# NAPgA Virtual Fundraising Auction!



## Damfino (Dec 29, 2013)

The North American Packgoat Association is holding an online fundraiser auction and there's a lot of great goat stuff that many of you folks might be interested in! Most of it is not actually packing-related but is useful barnyard equipment for any type of goat owner. There are also fun gifts and even some really nice goats for sale (including breeding does!). 

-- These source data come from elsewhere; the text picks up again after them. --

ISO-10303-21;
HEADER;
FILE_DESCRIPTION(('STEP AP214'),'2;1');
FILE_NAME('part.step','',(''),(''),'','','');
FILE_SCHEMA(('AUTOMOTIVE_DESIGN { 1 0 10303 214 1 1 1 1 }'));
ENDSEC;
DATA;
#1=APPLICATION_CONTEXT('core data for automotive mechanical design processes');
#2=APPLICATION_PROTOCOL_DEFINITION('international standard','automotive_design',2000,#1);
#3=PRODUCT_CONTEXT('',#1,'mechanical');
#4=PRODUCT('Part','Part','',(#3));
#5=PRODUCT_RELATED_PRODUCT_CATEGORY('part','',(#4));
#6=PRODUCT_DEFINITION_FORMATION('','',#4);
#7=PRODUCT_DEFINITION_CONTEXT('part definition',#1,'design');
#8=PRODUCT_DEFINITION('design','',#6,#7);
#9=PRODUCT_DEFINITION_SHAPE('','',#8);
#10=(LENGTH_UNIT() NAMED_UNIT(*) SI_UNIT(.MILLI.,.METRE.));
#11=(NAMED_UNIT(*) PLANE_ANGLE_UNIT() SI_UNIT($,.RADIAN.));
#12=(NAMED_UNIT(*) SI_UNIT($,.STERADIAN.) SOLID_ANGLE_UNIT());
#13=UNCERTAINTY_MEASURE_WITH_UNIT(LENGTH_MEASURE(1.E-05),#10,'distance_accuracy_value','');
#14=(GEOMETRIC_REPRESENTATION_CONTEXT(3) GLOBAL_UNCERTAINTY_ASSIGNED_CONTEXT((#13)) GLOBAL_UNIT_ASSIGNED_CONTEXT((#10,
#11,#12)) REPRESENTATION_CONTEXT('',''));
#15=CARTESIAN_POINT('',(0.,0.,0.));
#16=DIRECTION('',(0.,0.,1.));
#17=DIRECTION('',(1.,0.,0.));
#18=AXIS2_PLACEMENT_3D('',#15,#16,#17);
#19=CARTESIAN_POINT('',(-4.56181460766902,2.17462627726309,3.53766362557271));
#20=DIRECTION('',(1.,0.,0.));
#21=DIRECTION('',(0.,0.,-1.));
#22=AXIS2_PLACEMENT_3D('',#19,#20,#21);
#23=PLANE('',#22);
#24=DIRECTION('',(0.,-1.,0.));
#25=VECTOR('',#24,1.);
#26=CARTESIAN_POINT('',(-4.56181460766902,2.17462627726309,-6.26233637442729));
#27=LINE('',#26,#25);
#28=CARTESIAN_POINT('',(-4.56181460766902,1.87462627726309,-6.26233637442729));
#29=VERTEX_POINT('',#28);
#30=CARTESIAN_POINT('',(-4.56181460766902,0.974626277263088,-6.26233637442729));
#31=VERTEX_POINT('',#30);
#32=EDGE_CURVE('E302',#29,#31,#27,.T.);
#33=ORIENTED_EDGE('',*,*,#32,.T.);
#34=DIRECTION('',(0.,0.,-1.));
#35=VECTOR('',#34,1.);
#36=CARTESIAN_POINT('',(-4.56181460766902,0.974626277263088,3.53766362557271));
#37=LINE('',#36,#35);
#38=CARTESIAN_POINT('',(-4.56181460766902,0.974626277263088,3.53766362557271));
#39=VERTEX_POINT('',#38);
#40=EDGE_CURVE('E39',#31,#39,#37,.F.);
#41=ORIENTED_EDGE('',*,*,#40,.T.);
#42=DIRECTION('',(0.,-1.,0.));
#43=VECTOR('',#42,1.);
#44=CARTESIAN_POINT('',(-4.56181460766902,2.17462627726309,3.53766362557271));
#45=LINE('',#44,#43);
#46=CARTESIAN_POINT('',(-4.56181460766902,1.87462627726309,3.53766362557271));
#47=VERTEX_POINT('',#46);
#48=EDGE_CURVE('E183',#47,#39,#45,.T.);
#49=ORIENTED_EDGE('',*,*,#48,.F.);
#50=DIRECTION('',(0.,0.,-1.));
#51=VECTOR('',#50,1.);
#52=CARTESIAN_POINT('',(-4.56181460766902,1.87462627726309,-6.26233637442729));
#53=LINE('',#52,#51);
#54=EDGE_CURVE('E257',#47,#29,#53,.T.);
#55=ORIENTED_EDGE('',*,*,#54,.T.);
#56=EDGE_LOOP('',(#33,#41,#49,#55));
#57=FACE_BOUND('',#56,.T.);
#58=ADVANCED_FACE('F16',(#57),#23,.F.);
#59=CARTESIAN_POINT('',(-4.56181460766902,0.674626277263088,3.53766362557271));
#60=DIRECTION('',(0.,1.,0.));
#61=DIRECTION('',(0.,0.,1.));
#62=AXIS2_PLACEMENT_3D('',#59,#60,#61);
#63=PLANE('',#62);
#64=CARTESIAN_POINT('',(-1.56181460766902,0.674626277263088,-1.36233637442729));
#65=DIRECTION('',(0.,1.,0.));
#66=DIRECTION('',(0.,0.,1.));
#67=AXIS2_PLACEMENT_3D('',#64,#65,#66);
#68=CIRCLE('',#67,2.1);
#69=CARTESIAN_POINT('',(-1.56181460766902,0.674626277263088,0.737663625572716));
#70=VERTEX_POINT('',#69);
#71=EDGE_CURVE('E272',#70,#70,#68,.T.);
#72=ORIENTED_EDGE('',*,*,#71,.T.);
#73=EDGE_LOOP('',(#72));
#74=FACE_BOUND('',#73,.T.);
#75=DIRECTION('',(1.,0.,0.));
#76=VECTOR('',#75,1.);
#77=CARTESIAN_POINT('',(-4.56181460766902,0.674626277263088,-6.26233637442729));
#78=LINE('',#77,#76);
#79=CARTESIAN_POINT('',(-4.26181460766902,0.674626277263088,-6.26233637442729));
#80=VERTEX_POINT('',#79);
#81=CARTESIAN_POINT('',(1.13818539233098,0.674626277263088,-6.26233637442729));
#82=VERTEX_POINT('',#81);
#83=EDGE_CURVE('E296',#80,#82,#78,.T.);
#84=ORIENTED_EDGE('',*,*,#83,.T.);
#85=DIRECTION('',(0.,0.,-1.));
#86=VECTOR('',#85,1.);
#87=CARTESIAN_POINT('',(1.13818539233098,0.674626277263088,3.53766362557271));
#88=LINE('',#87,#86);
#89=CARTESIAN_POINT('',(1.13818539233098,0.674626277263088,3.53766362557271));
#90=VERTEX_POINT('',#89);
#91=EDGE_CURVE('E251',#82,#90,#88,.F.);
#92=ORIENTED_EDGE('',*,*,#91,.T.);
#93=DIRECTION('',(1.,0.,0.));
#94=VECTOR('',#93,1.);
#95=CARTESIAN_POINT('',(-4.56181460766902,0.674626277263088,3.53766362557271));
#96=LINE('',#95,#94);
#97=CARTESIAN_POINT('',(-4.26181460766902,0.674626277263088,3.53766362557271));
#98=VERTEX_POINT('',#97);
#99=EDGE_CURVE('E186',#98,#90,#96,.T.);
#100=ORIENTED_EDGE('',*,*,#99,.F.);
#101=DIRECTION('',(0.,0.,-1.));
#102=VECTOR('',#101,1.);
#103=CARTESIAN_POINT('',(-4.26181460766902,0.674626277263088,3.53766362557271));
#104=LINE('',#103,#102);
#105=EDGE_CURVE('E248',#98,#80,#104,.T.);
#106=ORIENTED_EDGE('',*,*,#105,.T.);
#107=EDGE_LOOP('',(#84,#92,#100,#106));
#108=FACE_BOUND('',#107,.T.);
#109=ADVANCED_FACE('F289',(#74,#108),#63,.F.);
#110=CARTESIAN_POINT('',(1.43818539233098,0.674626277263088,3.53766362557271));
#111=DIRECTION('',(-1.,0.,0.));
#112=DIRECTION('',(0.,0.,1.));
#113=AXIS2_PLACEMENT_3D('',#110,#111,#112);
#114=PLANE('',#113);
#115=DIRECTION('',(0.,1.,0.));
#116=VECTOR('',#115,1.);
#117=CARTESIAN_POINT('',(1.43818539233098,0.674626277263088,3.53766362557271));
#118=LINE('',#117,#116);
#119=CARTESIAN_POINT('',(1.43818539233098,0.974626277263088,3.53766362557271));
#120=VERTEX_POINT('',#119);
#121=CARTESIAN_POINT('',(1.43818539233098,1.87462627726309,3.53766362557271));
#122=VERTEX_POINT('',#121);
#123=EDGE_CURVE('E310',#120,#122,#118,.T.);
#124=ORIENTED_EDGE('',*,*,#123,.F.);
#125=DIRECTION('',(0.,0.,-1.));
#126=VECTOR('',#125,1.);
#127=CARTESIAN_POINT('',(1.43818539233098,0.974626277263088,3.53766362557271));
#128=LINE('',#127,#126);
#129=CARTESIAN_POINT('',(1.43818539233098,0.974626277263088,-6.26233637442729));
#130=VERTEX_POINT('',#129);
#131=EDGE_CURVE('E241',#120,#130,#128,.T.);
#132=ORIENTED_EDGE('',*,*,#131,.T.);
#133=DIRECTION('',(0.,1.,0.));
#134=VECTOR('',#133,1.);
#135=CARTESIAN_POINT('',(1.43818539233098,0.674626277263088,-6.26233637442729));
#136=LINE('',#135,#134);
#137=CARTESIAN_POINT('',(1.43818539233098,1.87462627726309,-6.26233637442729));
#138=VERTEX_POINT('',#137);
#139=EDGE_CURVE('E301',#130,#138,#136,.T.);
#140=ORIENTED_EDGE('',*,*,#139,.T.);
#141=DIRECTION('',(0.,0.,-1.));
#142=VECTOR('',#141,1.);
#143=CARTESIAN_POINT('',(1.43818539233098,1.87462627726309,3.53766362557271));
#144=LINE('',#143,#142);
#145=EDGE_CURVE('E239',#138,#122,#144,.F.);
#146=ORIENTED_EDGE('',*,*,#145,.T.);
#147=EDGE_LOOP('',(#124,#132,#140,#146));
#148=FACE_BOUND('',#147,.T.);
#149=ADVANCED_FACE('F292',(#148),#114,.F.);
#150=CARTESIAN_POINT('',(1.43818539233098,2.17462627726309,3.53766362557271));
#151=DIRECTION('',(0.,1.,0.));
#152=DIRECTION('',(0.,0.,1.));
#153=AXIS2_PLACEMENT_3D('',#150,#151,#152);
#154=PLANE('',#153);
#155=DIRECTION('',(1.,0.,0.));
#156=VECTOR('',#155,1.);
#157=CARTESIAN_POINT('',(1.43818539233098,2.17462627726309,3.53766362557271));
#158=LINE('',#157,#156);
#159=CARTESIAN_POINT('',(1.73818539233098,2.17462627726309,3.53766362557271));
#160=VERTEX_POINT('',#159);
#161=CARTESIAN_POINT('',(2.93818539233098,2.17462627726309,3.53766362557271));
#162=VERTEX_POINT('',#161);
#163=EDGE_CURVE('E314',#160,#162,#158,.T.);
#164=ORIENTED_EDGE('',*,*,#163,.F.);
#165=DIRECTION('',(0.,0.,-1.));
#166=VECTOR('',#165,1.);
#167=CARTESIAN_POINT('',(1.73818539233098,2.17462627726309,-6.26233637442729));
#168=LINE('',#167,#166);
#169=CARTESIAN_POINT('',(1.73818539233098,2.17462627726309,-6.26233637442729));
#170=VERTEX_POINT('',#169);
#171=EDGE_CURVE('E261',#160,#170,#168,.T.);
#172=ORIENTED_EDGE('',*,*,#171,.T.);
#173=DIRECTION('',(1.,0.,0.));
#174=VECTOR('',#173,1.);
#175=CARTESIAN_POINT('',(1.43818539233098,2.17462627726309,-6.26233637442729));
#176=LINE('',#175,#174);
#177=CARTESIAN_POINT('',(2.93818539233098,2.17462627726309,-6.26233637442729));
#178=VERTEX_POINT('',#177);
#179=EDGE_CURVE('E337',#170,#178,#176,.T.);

The auction raises funds for the North American Packgoat Association which uses them for education, research, and to help keep public lands open to goat packing. Unfortunately this often involves legal fees which aren't cheap. 

Take a look!!








🗓 Ends Jun 09 | NAPgA 2021 Virtual Auction






www.charityauctionstoday.com


----------



## happybleats (Sep 12, 2010)

Fun stuff!!


----------



## ksalvagno (Oct 6, 2009)

A lot of really neat items!


----------



## GoofyGoat (Sep 21, 2018)

Great cause! There’s some really cool stuff 😃


----------



## toth boer goats (Jul 20, 2008)




----------



## alwaystj9 (Apr 10, 2019)

I want the bowls. And the 4-part carry box...


----------



## Damfino (Dec 29, 2013)

Well if you are the high bidder you can have them! 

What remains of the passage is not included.